◆ Problem details:
Scan the entries below and give the number of lines containing "FORMAT", with no accompanying words.

◆ Exercise inputs:
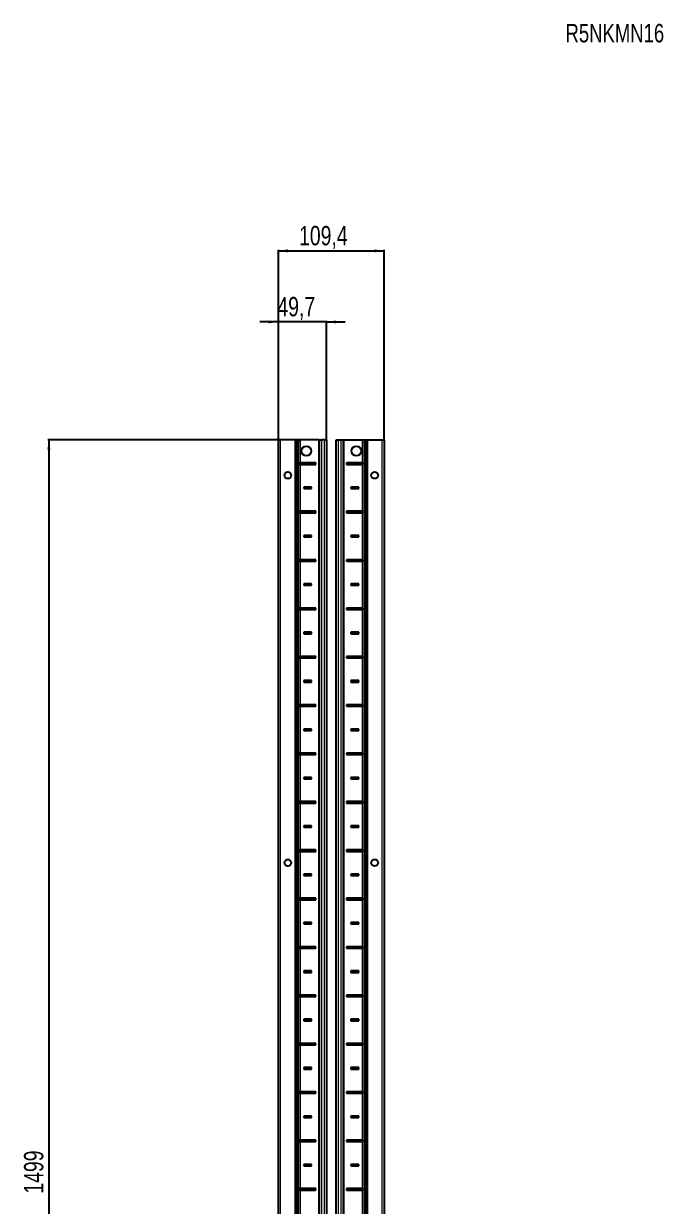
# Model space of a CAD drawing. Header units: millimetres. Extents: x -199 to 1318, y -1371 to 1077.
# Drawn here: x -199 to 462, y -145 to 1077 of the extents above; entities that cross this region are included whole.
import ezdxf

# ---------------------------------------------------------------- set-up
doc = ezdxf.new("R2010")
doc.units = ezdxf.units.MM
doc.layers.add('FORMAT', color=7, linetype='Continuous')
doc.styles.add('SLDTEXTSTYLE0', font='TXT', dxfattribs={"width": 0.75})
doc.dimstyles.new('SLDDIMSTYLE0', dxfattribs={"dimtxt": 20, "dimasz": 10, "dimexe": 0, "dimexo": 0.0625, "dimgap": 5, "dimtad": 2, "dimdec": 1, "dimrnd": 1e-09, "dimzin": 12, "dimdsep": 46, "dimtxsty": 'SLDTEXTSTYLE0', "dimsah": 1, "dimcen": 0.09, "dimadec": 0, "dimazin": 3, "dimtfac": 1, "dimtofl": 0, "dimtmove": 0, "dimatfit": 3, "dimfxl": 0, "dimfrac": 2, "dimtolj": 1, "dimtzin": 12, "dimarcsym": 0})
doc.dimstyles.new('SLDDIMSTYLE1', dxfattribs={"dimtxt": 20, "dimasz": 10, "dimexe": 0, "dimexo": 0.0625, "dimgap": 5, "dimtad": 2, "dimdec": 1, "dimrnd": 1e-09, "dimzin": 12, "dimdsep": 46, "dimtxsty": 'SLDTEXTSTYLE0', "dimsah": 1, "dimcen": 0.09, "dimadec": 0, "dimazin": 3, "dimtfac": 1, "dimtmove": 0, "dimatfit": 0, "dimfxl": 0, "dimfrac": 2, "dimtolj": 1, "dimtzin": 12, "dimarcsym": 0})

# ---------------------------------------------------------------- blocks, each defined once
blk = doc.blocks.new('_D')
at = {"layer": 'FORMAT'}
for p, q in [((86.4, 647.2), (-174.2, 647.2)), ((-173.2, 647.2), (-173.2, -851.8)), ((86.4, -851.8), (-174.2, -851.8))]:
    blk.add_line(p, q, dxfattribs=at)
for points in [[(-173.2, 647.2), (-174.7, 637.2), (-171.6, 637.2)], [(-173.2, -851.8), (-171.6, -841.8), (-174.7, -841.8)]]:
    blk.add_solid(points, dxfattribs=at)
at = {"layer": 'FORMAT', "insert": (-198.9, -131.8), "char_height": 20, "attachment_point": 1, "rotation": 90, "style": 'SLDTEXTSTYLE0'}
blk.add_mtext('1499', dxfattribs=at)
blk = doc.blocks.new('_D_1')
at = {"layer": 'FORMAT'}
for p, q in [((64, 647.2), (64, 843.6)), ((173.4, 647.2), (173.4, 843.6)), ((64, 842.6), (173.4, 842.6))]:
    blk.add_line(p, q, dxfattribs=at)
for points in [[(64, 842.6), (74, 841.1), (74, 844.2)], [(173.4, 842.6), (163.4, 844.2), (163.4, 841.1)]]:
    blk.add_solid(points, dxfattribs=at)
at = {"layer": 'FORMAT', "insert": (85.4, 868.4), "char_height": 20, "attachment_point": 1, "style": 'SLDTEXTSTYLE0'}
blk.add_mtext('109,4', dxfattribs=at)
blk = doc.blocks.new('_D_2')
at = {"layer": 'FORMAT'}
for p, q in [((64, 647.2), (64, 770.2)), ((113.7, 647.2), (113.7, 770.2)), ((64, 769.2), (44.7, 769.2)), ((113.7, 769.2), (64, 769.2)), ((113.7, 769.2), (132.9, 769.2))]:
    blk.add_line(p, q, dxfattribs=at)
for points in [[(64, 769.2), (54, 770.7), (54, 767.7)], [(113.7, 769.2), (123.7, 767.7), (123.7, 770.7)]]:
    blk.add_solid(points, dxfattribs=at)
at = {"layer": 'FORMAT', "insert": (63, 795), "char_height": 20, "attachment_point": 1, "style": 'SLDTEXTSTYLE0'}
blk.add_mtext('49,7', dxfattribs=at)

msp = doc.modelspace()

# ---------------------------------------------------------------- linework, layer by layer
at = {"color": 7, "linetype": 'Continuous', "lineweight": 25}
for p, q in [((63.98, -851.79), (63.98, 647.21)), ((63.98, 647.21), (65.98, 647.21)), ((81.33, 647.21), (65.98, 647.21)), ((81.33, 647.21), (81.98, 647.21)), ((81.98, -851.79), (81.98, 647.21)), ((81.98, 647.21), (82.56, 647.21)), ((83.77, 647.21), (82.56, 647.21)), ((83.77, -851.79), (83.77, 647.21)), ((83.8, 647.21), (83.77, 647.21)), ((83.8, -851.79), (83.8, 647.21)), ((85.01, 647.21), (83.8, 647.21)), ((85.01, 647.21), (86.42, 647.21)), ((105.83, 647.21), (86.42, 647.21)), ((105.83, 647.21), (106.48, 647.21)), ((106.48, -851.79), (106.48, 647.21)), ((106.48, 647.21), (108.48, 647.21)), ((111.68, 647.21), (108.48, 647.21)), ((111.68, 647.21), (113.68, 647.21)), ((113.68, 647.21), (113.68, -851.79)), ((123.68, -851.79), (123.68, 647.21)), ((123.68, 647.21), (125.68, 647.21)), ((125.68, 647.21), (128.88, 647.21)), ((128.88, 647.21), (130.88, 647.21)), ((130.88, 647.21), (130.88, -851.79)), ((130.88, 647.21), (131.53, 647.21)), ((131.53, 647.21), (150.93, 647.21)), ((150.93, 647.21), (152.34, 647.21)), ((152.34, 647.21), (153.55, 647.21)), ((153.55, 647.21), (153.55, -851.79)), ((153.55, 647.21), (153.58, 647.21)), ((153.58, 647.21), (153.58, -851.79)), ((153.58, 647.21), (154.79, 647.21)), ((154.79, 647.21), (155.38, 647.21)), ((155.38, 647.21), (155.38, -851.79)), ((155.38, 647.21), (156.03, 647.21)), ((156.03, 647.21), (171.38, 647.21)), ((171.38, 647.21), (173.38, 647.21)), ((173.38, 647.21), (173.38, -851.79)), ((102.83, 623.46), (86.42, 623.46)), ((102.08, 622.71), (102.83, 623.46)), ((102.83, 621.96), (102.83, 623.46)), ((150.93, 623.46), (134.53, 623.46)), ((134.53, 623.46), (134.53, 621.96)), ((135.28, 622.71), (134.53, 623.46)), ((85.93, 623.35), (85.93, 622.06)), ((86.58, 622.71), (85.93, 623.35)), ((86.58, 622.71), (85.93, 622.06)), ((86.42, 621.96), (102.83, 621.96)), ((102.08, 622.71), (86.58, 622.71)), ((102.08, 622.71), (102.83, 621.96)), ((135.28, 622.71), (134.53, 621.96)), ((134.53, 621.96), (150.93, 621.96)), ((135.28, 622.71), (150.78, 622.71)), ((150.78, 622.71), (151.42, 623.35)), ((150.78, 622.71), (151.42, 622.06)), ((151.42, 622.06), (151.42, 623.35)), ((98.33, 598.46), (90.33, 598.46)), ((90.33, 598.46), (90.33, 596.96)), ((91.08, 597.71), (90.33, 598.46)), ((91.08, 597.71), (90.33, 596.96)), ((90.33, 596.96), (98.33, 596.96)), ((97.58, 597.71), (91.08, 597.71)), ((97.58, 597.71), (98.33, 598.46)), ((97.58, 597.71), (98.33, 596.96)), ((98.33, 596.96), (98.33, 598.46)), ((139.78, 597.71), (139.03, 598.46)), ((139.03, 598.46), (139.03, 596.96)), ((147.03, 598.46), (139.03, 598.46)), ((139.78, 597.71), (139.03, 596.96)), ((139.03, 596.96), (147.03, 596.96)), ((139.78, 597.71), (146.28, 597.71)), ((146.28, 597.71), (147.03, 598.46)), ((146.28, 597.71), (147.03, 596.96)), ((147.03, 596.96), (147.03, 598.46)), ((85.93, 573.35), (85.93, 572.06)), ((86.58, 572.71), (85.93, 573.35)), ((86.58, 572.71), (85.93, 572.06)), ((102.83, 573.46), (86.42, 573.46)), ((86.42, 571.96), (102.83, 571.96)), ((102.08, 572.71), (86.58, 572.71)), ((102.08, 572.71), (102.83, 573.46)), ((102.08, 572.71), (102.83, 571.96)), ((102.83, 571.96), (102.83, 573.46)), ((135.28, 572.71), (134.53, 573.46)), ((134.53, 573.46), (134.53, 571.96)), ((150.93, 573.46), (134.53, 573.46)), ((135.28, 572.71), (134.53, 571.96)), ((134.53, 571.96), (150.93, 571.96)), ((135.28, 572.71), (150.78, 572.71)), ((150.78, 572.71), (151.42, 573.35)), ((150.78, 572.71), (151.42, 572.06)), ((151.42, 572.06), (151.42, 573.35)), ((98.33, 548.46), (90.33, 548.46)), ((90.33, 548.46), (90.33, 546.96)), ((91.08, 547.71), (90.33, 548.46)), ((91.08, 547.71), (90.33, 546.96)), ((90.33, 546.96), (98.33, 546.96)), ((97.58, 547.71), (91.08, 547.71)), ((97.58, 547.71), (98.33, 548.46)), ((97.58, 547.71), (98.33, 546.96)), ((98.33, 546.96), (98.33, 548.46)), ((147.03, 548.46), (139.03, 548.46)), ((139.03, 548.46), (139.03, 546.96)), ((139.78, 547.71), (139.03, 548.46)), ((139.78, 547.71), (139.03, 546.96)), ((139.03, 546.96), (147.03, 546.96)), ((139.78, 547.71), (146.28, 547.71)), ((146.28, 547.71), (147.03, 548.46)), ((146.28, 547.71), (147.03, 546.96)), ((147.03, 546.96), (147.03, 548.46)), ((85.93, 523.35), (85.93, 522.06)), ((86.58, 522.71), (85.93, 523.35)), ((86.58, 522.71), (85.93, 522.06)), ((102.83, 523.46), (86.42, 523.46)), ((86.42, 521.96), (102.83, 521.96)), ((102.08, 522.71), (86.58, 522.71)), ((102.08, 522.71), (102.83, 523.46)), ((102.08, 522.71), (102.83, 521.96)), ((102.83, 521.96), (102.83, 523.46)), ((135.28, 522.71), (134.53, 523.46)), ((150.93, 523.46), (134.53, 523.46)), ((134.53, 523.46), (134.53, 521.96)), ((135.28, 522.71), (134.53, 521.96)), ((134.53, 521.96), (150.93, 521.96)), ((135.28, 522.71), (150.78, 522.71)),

◆ Exercise response:
7